Pour Gilberto Gil et Aldo Brizzi, Amor Azul incarne cette « rencontre de la musique populaire brésilienne avec le chant lyrique, une rencontre des rythmes les plus effrénés avec l’orchestration savante, mais également la rencontre de la poésie populaire avec la magie de la voix lyrique. C’est également une rencontre de la culture de la musique transe afro-brésilienne et de la mystique indienne ».

Un nuancier de l’amour qui se mêle à la Saudade brésilienne

Dans un drame à deux personnages principaux, Krishna, incarnation du dieu Vishnu, arpente les campagnes où il séduit les gopi (vachères) qu’ils considèrent comme ses maîtresses. Radha est sa favorite mais, épris de plaisir pour ses autres conquêtes amoureuses, il la délaisse.

Dépitée, Radha exprime par des poèmes la nostalgie de ses beaux jours avec Krishna.

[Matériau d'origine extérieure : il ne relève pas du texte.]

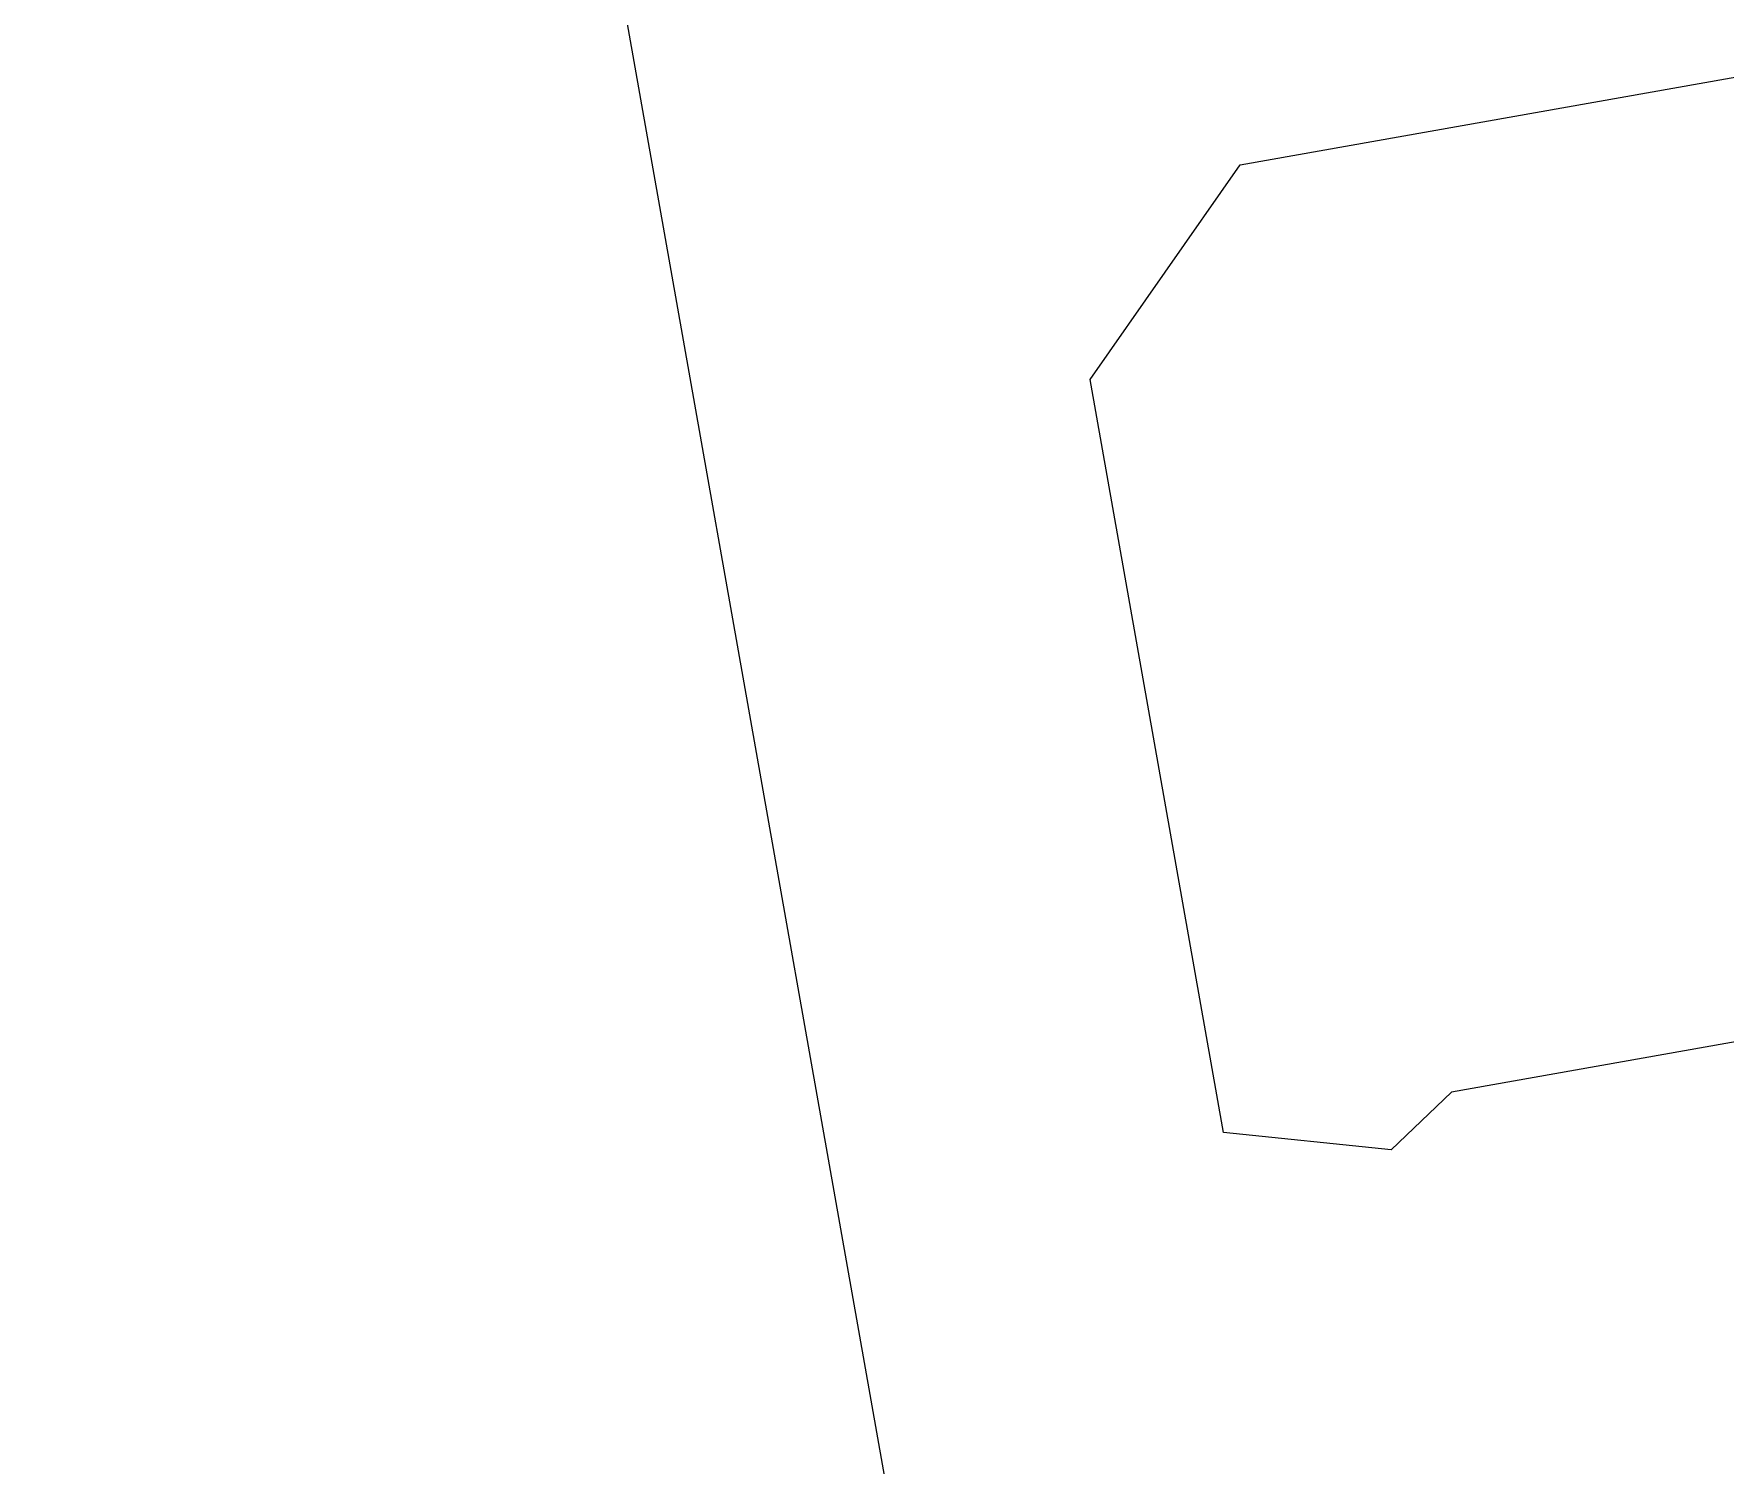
# Model space of a CAD drawing. Header units: millimetres. Extents: x -65527 to 8894748, y -37603 to 223697.
# Drawn here: x -31432.32 to -31423.42, y 101126.86 to 101134.39 of the extents above; entities that cross this region are included whole.
import ezdxf

# ---------------------------------------------------------------- set-up
doc = ezdxf.new("R2010")
doc.units = ezdxf.units.MM
doc.header["$LTSCALE"] = 10
doc.layers.add('Архитектура', color=251, linetype='Continuous')

msp = doc.modelspace()

# ---------------------------------------------------------------- linework, layer by layer
at = {"layer": 'Архитектура', "lineweight": 25, "transparency": 33554684}
for points in [[(-31443.8008, 101216.8454), (-31426.5234, 101119.3636), (-31424.4826, 101119.7253), (-31424.0875, 101120.2906), (-31424.1726, 101120.7709), (-31425.2531, 101120.5794), (-31426.1255, 101125.5015), (-31422.4039, 101126.1611)], [(-31443.8008, 101216.8454), (-31426.5234, 101119.3636), (-31424.4826, 101119.7253), (-31424.0875, 101120.2906), (-31424.1726, 101120.7709), (-31425.2531, 101120.5794), (-31426.1255, 101125.5015), (-31422.4039, 101126.1611)], [(-31443.8008, 101216.8454), (-31426.5234, 101119.3636), (-31424.4826, 101119.7253), (-31424.0875, 101120.2906), (-31424.1726, 101120.7709), (-31425.2531, 101120.5794), (-31426.1255, 101125.5015), (-31422.4039, 101126.1611)], [(-31443.8008, 101216.8454), (-31426.5234, 101119.3636), (-31424.4826, 101119.7253), (-31424.0875, 101120.2906), (-31424.1726, 101120.7709), (-31425.2531, 101120.5794), (-31426.1255, 101125.5015), (-31422.4039, 101126.1611)], [(-31443.8008, 101216.8454), (-31426.5234, 101119.3636), (-31424.4826, 101119.7253), (-31424.0875, 101120.2906), (-31424.1726, 101120.7709), (-31425.2531, 101120.5794), (-31426.1255, 101125.5015), (-31422.4039, 101126.1611)], [(-31443.8008, 101216.8454), (-31426.5234, 101119.3636), (-31424.4826, 101119.7253), (-31424.0875, 101120.2906), (-31424.1726, 101120.7709), (-31425.2531, 101120.5794), (-31426.1255, 101125.5015), (-31422.4039, 101126.1611)], [(-31443.8008, 101216.8454), (-31426.5234, 101119.3636), (-31424.4826, 101119.7253), (-31424.0875, 101120.2906), (-31424.1726, 101120.7709), (-31425.2531, 101120.5794), (-31426.1255, 101125.5015), (-31422.4039, 101126.1611)], [(-31443.8008, 101216.8454), (-31426.5234, 101119.3636), (-31424.4826, 101119.7253), (-31424.0875, 101120.2906), (-31424.1726, 101120.7709), (-31425.2531, 101120.5794), (-31426.1255, 101125.5015), (-31422.4039, 101126.1611)], [(-31443.8008, 101216.8454), (-31426.5234, 101119.3636), (-31424.4826, 101119.7253), (-31424.0875, 101120.2906), (-31424.1726, 101120.7709), (-31425.2531, 101120.5794), (-31426.1255, 101125.5015), (-31422.4039, 101126.1611)], [(-31443.8008, 101216.8454), (-31426.5234, 101119.3636), (-31424.4826, 101119.7253), (-31424.0875, 101120.2906), (-31424.1726, 101120.7709), (-31425.2531, 101120.5794), (-31426.1255, 101125.5015), (-31422.4039, 101126.1611)], [(-31443.8008, 101216.8454), (-31426.5234, 101119.3636), (-31424.4826, 101119.7253), (-31424.0875, 101120.2906), (-31424.1726, 101120.7709), (-31425.2531, 101120.5794), (-31426.1255, 101125.5015), (-31422.4039, 101126.1611)], [(-31443.8008, 101216.8454), (-31426.5234, 101119.3636), (-31424.4826, 101119.7253), (-31424.0875, 101120.2906), (-31424.1726, 101120.7709), (-31425.2531, 101120.5794), (-31426.1255, 101125.5015), (-31422.4039, 101126.1611)], [(-31443.8008, 101216.8454), (-31426.5234, 101119.3636), (-31424.4826, 101119.7253), (-31424.0875, 101120.2906), (-31424.1726, 101120.7709), (-31425.2531, 101120.5794), (-31426.1255, 101125.5015), (-31422.4039, 101126.1611)], [(-31443.8008, 101216.8454), (-31426.5234, 101119.3636), (-31424.4826, 101119.7253), (-31424.0875, 101120.2906), (-31424.1726, 101120.7709), (-31425.2531, 101120.5794), (-31426.1255, 101125.5015), (-31422.4039, 101126.1611)], [(-31443.8008, 101216.8454), (-31426.5234, 101119.3636), (-31424.4826, 101119.7253), (-31424.0875, 101120.2906), (-31424.1726, 101120.7709), (-31425.2531, 101120.5794), (-31426.1255, 101125.5015), (-31422.4039, 101126.1611)], [(-31443.8008, 101216.8454), (-31426.5234, 101119.3636), (-31424.4826, 101119.7253), (-31424.0875, 101120.2906), (-31424.1726, 101120.7709), (-31425.2531, 101120.5794), (-31426.1255, 101125.5015), (-31422.4039, 101126.1611)], [(-31443.8008, 101216.8454), (-31426.5234, 101119.3636), (-31424.4826, 101119.7253), (-31424.0875, 101120.2906), (-31424.1726, 101120.7709), (-31425.2531, 101120.5794), (-31426.1255, 101125.5015), (-31422.4039, 101126.1611)], [(-31443.8008, 101216.8454), (-31426.5234, 101119.3636), (-31424.4826, 101119.7253), (-31424.0875, 101120.2906), (-31424.1726, 101120.7709), (-31425.2531, 101120.5794), (-31426.1255, 101125.5015), (-31422.4039, 101126.1611)], [(-31443.8008, 101216.8454), (-31426.5234, 101119.3636), (-31424.4826, 101119.7253), (-31424.0875, 101120.2906), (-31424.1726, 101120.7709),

Par la suite, Krishna, lassé de ses fredaines, dévoilera son envie de revenir au côté de Radha tout en craignant sa colère qu’elle ait pu développer à son égard.

Les sonorités de la composition du Brésilien et de l’Italien relatent parfaitement les émois mystiques et amoureux de cette légende indienne. La complexité et la diversité des rythmes et des styles est au cœur du premier acte, se mariant parfaitement avec les plaintes des amants séparés et de leurs souvenirs torturants. Pour cela, les percussions traditionnelles brésiliennes sont très présentes dans ce 1er acte, renforçant ainsi la diversité, au sein même d’une unité.

Une création originale sans aucun référentiel

Ce 1er acte fait planer une certaine ambiance dans la maison ronde. Entre public d’abonné et fans de l’artiste brésilien, la dissension est présente. Les aficionados de sa samba, bossa et autres grooves restent sur leur faim tandis que les autres découvrent un mélange des genres intriguant qui, au demeurant, ne leur a pas déplu pour autant. Les codes traditionnels de l’opéra viennent donc percuter une foule habituée aux concerts dansants de l’enfant de Bahia.

Les applaudissements entre chaque scène n’étaient, dès lors, pas aux goûts de tout le monde. De la même manière, l’entracte a été, pour certaines personnes, synonyme de la fin de la représentation car elles n’étaient pas informées sur la façon dont se déroule un opéra.

Un final qui a réconcilié toute la salle

Le deuxième acte symbolise les tentatives de retrouvailles et in fine le plaisir à nouveau partagé entre Krishna et Radha. Musicalement, l’orchestration suit cette émotion en créant un sentiment d’union, où les valeurs rythmiques se partagent. La diversité n’est pas mise de côté, mais elle laisse une plus grande place à cette union cosmique.

L’interlude bossa nova jouée en guitare-voix par Gil entre en symbiose avec la finesse et la beauté du texte. À 80 ans, sa voix légèrement tremblotante et son jeu de guitare hésitant fut une véritable leçon pour tous les spectateurs de l’auditorium. La musique n’a rien avoir avec la performance, la technicité ou la raison. Son essence réside dans sa sincérité, ce qui poussait Archie Shepp à dire que « le pouvoir de la musique est d’exprimer l’âme qui pleure ».

Puisque pour Gilberto Gil, “la musique touche directement au cœur, pas à l’esprit”, il a continué de nous émouvoir dans son dernier morceau. En plus de faire la part belle au samba et à la fougue do Brasil, ce dernier passage de l’opéra-chanson résume bien l’ensemble de l’oeuvre, . Rien qu’avec un jeu rythmé d’onomatopées typiques de la musique populaire brésilienne, Gilberto Gil fait voler en éclats les codes de bien-séance de l’auditorium en faisant lever l’entièreté du public, qui l’accompagne en frappant dans ses mains. Le chanteur incarnant Krishna brise également la glace en se mettant à danser façon samba. Le spectacle prend alors une toute autre dimension. Le chœur et le public commencent eux aussi à chalouper leur corps sur un pas de deux. 

Un moment de grâce et d’euphorie qui nous rappelle qu’avec sa guitare et sa voix, il est capable de tout.